Oleh Tony Unandar
SUATU kali Sang Guru berkata, “Kamu adalah garam dunia” (Mat. 5:13a). Lalu apa hubungannya dengan “ikan asin”? Bukankah efek garam terhadap jaringan tubuh ikan hanya berbeda sebatas status ikan? Hidup atau mati.
Garam yang terkandung di dalam air laut “tidak berdaya” membuat asin jaringan tubuh ikan yang hidup di laut lepas. Lain halnya kalau ikan itu mati, hanya dalam tempo beberapa jam saja garam yang yang terlarut dalam air dapat menyelinap masuk ke dalam jaringan tubuh ikan dan mengubahnya.
Sebenarnya, perkara pertobatan adalah masalah perubahan sikap hidup. Yang tadinya hidup dalam kekelaman alias penuh dengan keterikatan kedagingan, sekarang putar haluan dengan menjadikan Allah sebagai pusat hidup dan jaminan masa depan kehidupan itu sendiri. Jadi, pertobatan berarti meninggalkan “manusia lama” alias “mengosongkan diri” dan membiarkan Roh Allah berkarya sebebas-bebasnya dalam hidup kita.
“Jadikanlah aku bola-Mu, yang bisa Engkau sepak ke sana kemari,” demikian pemahaman pengosongan diri bagi Santa Theresia dari Kanak-Kanak Yesus.

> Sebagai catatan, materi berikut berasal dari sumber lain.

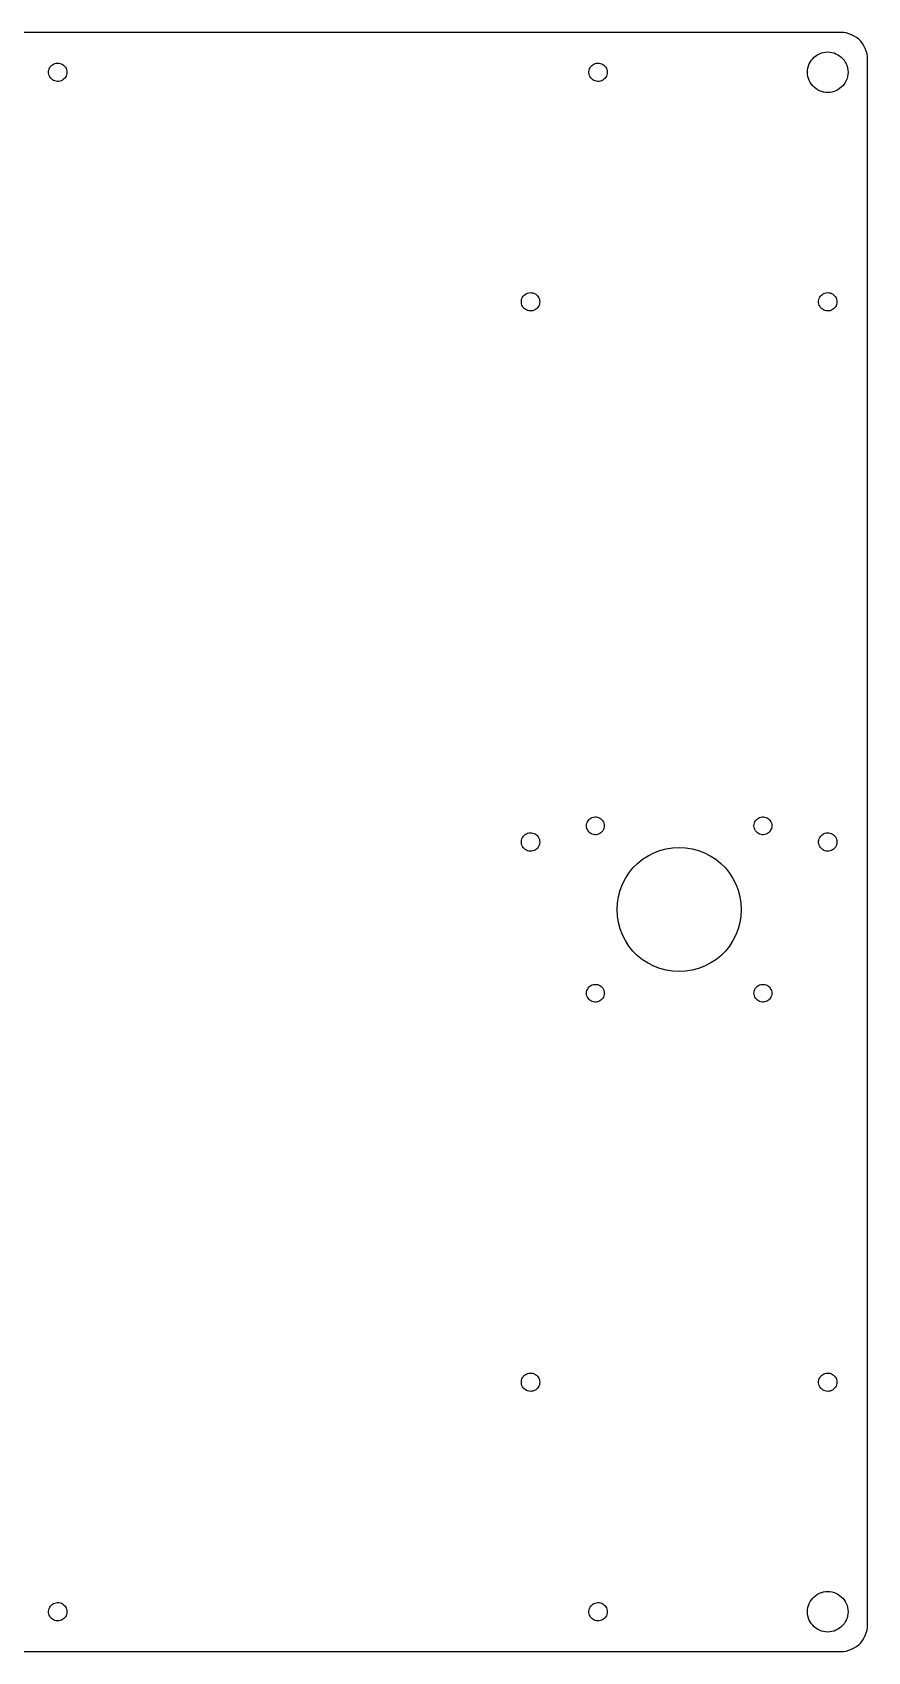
# Model space of a CAD drawing. Header units: metres. Extents: x -150 to 150, y -150 to 150.
# Drawn here: x -4.7 to 149.9, y -149.9 to 149.9 of the extents above; entities that cross this region are included whole.
import ezdxf

# ---------------------------------------------------------------- set-up
doc = ezdxf.new("R2010")
doc.units = ezdxf.units.M

msp = doc.modelspace()

# ---------------------------------------------------------------- linework, layer by layer
for p, q in [((144.875, 149.875), (-144.875, 149.875)), ((145.398, 149.848), (144.875, 149.875)), ((145.915, 149.766), (145.398, 149.848)), ((146.42, 149.63), (145.915, 149.766)), ((146.909, 149.443), (146.42, 149.63)), ((147.375, 149.205), (146.909, 149.443)), ((147.814, 148.92), (147.375, 149.205)), ((148.221, 148.591), (147.814, 148.92)), ((148.591, 148.221), (148.221, 148.591)), ((148.92, 147.814), (148.591, 148.221)), ((149.205, 147.375), (148.92, 147.814)), ((149.443, 146.909), (149.205, 147.375)), ((149.63, 146.42), (149.443, 146.909)), ((-1.17992, 143.724), (-0.989151, 143.883)), ((-0.989151, 143.883), (-0.777298, 144.012)), ((-0.777298, 144.012), (-0.548889, 144.109)), ((-0.548889, 144.109), (-0.308777, 144.172)), ((-0.308777, 144.172), (-0.062073, 144.199)), ((-0.062073, 144.199), (0.185928, 144.19)), ((0.185928, 144.19), (0.429977, 144.145)), ((0.429977, 144.145), (0.664871, 144.065)), ((0.664871, 144.065), (0.88559, 143.951)), ((0.88559, 143.951), (1.08743, 143.807)), ((98.8201, 143.724), (99.0108, 143.883)), ((99.0108, 143.883), (99.2227, 144.012)), ((99.2227, 144.012), (99.4511, 144.109)), ((99.4511, 144.109), (99.6912, 144.172)), ((99.6912, 144.172), (99.9379, 144.199)), ((99.9379, 144.199), (100.186, 144.19)), ((100.186, 144.19), (100.43, 144.145)), ((100.43, 144.145), (100.665, 144.065)), ((100.665, 144.065), (100.886, 143.951)), ((100.886, 143.951), (101.087, 143.807)), ((138.934, 143.659), (139.074, 144.025)), ((139.074, 144.025), (139.252, 144.375)), ((139.252, 144.375), (139.466, 144.704)), ((139.466, 144.704), (139.713, 145.009)), ((139.713, 145.009), (139.991, 145.287)), ((139.991, 145.287), (140.296, 145.534)), ((140.296, 145.534), (140.625, 145.748)), ((140.625, 145.748), (140.975, 145.926)), ((140.975, 145.926), (141.341, 146.066)), ((141.341, 146.066), (141.72, 146.168)), ((141.72, 146.168), (142.108, 146.229)), ((142.108, 146.229), (142.5, 146.25)), ((142.5, 146.25), (142.892, 146.229)), ((142.892, 146.229), (143.28, 146.168)), ((143.28, 146.168), (143.659, 146.066)), ((143.659, 146.066), (144.025, 145.926)), ((144.025, 145.926), (144.375, 145.748)), ((144.375, 145.748), (144.704, 145.534)), ((144.704, 145.534), (145.009, 145.287)), ((145.009, 145.287), (145.287, 145.009)), ((145.287, 145.009), (145.534, 144.704)), ((145.534, 144.704), (145.748, 144.375)), ((145.748, 144.375), (145.926, 144.025)), ((145.926, 144.025), (146.066, 143.659)), ((149.766, 145.915), (149.63, 146.42)), ((149.848, 145.398), (149.766, 145.915)), ((149.875, 144.875), (149.848, 145.398)), ((149.875, -144.875), (149.875, 144.875)), ((-1.69545, 142.624), (-1.65932, 142.87)), ((-1.69545, 142.376), (-1.69545, 142.624)), ((-1.65932, 142.13), (-1.69545, 142.376)), ((-1.65932, 142.87), (-1.58781, 143.107)), ((-1.58781, 141.893), (-1.65932, 142.13)), ((-1.58781, 143.107), (-1.48248, 143.332)), ((-1.48248, 141.668), (-1.58781, 141.893)), ((-1.48248, 143.332), (-1.34554, 143.539)), ((-1.34554, 141.461), (-1.48248, 141.668)), ((-1.34554, 143.539), (-1.17992, 143.724)), ((-1.17992, 141.276), (-1.34554, 141.461)), ((-0.989151, 141.117), (-1.17992, 141.276)), ((-0.777298, 140.988), (-0.989151, 141.117)), ((-0.548889, 140.891), (-0.777298, 140.988)), ((-0.308777, 140.828), (-0.548889, 140.891)), ((0.664871, 140.935), (0.429977, 140.855)), ((0.88559, 141.049), (0.664871, 140.935)), ((1.08743, 141.193), (0.88559, 141.049)), ((1.08743, 143.807), (1.2661, 143.634)), ((1.2661, 141.366), (1.08743, 141.193)), ((1.2661, 143.634), (1.41779, 143.438)), ((1.41779, 141.562), (1.2661, 141.366)), ((1.41779, 143.438), (1.53926, 143.222)), ((1.53926, 141.778), (1.41779, 141.562)), ((1.53926, 143.222), (1.62791, 142.99)), ((1.62791, 142.01), (1.53926, 141.778)), ((1.62791, 142.99), (1.68187, 142.748)), ((1.68187, 142.252), (1.62791, 142.01)), ((1.68187, 142.748), (1.7, 142.5)), ((1.7, 142.5), (1.68187, 142.252)), ((98.3045, 142.624), (98.3407, 142.87)), ((98.3045, 142.376), (98.3045, 142.624)), ((98.3407, 142.13), (98.3045, 142.376)), ((98.3407, 142.87), (98.4122, 143.107)), ((98.4122, 141.893), (98.3407, 142.13)), ((98.4122, 143.107), (98.5175, 143.332)), ((98.5175, 141.668), (98.4122, 141.893)), ((98.5175, 143.332), (98.6544, 143.539)), ((98.6544, 141.461), (98.5175, 141.668)), ((98.6544, 143.539), (98.8201, 143.724)), ((98.8201, 141.276), (98.6544, 141.461)), ((99.0108, 141.117), (98.8201, 141.276)), ((99.2227, 140.988), (99.0108, 141.117)), ((99.4511, 140.891), (99.2227, 140.988)), ((99.6912, 140.828), (99.4511, 140.891)), ((100.665, 140.935), (100.43, 140.855)), ((100.886, 141.049), (100.665, 140.935)), ((101.087, 141.193), (100.886, 141.049)), ((101.087, 143.807), (101.266, 143.634)), ((101.266, 141.366), (101.087, 141.193)), ((101.266, 143.634), (101.418, 143.438)), ((101.418, 141.562), (101.266, 141.366)), ((101.418, 143.438), (101.539, 143.222)), ((101.539, 141.778), (101.418, 141.562)), ((101.539, 143.222), (101.628, 142.99)), ((101.628, 142.01), (101.539, 141.778)), ((101.628, 142.99), (101.682, 142.748)), ((101.682, 142.252), (101.628, 142.01)), ((101.682, 142.748), (101.7, 142.5)), ((101.7, 142.5), (101.682, 142.252)), ((138.75, 142.5), (138.771, 142.892)), ((138.771, 142.108), (138.75, 142.5)), ((138.771, 142.892), (138.832, 143.28)), ((138.832, 141.72), (138.771, 142.108)), ((138.832, 143.28), (138.934, 143.659)), ((138.934, 141.341), (138.832, 141.72)), ((139.074, 140.975), (138.934, 141.341)), ((139.252, 140.625), (139.074, 140.975)), ((145.926, 140.975), (145.748, 140.625)), ((146.066, 141.341), (145.926, 140.975)), ((146.066, 143.659), (146.168, 143.28)), ((146.168, 141.72), (146.066, 141.341)), ((146.168, 143.28), (146.229, 142.892)), ((146.229, 142.108), (146.168, 141.72)), ((146.229, 142.892), (146.25, 142.5)), ((146.25, 142.5), (146.229, 142.108)), ((-0.062073, 140.801), (-0.308777, 140.828)), ((0.185928, 140.81), (-0.062073, 140.801)), ((0.429977, 140.855), (0.185928, 140.81)), ((99.9379, 140.801), (99.6912, 140.828)), ((100.186, 140.81), (99.9379, 140.801)), ((100.43, 140.855), (100.186, 140.81)), ((139.466, 140.296), (139.252, 140.625)), ((139.713, 139.991), (139.466, 140.296)), ((139.991, 139.713), (139.713, 139.991)), ((140.296, 139.466), (139.991, 139.713)), ((140.625, 139.252), (140.296, 139.466)), ((140.975, 139.074), (140.625, 139.252)), ((141.341, 138.934), (140.975, 139.074)), ((141.72, 138.832), (141.341, 138.934)), ((142.108, 138.771), (141.72, 138.832)), ((142.5, 138.75), (142.108, 138.771)), ((142.892, 138.771), (142.5, 138.75)), ((143.28, 138.832), (142.892, 138.771)), ((143.659, 138.934), (143.28, 138.832)), ((144.025, 139.074), (143.659, 138.934)), ((144.375, 139.252), (144.025, 139.074)), ((144.704, 139.466), (144.375, 139.252)), ((145.009, 139.713), (144.704, 139.466)), ((145.287, 139.991), (145.009, 139.713)), ((145.534, 140.296), (145.287, 139.991)), ((145.748, 140.625), (145.534, 140.296)), ((85.8045, 100.124), (85.8407, 100.37)), ((85.8045, 99.8759), (85.8045, 100.124)), ((85.8407, 99.6304), (85.8045, 99.8759)), ((85.8407, 100.37), (85.9122, 100.607)), ((85.9122, 99.3927), (85.8407, 99.6304)), ((85.9122, 100.607), (86.0175, 100.832)), ((86.0175, 99.168), (85.9122, 99.3927)), ((86.0175, 100.832), (86.1544, 101.039)), ((86.1544, 98.961), (86.0175, 99.168)), ((86.1544, 101.039), (86.3201, 101.224)), ((86.3201, 98.7762), (86.1544, 98.961)), ((86.3201, 101.224), (86.5108, 101.383)), ((86.5108, 101.383), (86.7227, 101.512)), ((86.7227, 101.512), (86.9511, 101.609)), ((86.9511, 101.609), (87.1912, 101.672)), ((87.1912, 101.672), (87.4379, 101.699)), ((87.4379, 101.699), (87.6859, 101.69)), ((87.6859, 101.69), (87.93, 101.645)), ((87.93, 101.645), (88.1649, 101.565)), ((88.1649, 101.565), (88.3856, 101.451)), ((88.3856, 101.451), (88.5874, 101.307)), ((88.5874, 101.307), (88.7661, 101.134)), ((88.7661, 101.134), (88.9178, 100.938)), ((88.9178, 99.062), (88.7661, 98.8656)), ((88.9178, 100.938), (89.0393, 100.722)), ((89.0393, 99.2784), (88.9178, 99.062)), ((89.0393, 100.722), (89.1279, 100.49)), ((89.1279, 99.5102), (89.0393, 99.2784)), ((89.1279, 100.49), (89.1819, 100.248)), ((89.1819, 99.7525), (89.1279, 99.5102)), ((89.1819, 100.248), (89.2, 100)), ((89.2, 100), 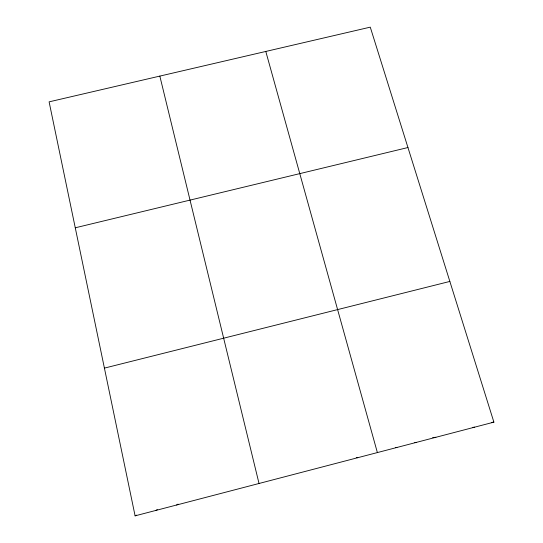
<?xml version="1.0" encoding="UTF-8"?>
<svg xmlns="http://www.w3.org/2000/svg" width="543" height="543" viewBox="0 0 543 543"><rect width="100%" height="100%" fill="white"/><g stroke="black" fill="none" stroke-linecap="round" stroke-linejoin="round"><path stroke-width="0.81" d="M176.631 505.004L178.063 504.108M155.895 510.42L157.314 509.633M135.098 515.85L493.892 422.142L370.272 27.15L49.108 101.853L135.098 515.85L136.51 515.131M104.412 368.12L449.855 281.43M75.267 227.795L407.949 147.533M491.442 422.44L493.892 422.142M472.912 427.361L474.602 427.178M432.717 437.529L435.866 437.291M414.791 442.457L416.42 442.375M395.501 447.493L396.926 447.466M356.276 457.566L357.783 457.688M265.792 51.449L377.378 452.57M159.839 76.095L259.025 483.48"/></g></svg>

Lalu, “Kamu harus dilahirkan kembali” (Yoh 3:7b), demikian petuah Sang Guru kepada Rabi Nikodemus pada suatu malam. Bagaimana mungkin Roh Allah dapat berkarya jika “manusia lama” masih hidup dan bercokol kuat dalam pribadi seseorang. Dengan kebebasan yang diberikan oleh Allah, manusia sebenarnya dapat melakukan pilihan, hidup dalam cengkeraman si putra fajar alias Lusifer atau hidup dalam bimbingan Roh Allah.
Roh Allah itulah yang sanggup menggarami hidup kita dengan cahaya Ilahi yang terus-menerus meluap hingga menerangi jiwa-jiwa lainnya.
Jadi, mungkinkah kita menjadi garam dunia jika “kita tidak mati” terlebih dahulu? Mati berarti berani kehilangan keangkuhan, ketenaran, kekuasaan, harta-benda, nafsu-nafsu liar, atau bahkan “nyawa” sekalipun. “Nyawa” memang tidak selalu identik dengan jiwa, tetapi “nyawa” dapat juga berupa suatu “keterikatan” atau ”ketergantungan” dalam hidup kita. Itulah yang disalibkan Sang Guru. Dengan disalib, Yesus pun menggenapi sabda-Nya, “Sesungguhnya jika biji gandum tidak jatuh ke tanah dan mati, ia tetap satu biji saja; tetapi jika ia mati, ia akan menghasilkan banyak buah. Barangsiapa mencintai nyawanya, ia akan kehilangan nyawanya, tetapi barangsiapa tidak mencintai nyawanya di dunia ini, ia akan memeliharanya untuk hidup yang kekal” (Yoh. 12: 24-25).
Saya tersentak; menjadi garam juga berarti “melayani” sesama. Kemudian sayup-sayup terdengar: “Maukah kau jadi roti yang terpecah bagi-Ku – Maukah kau jadi anggur yang tercurah bagi-Ku – Maukah kau jadi saksi memb’ritakan Injil-Ku – Melayani, mengasihi lebih sungguh.”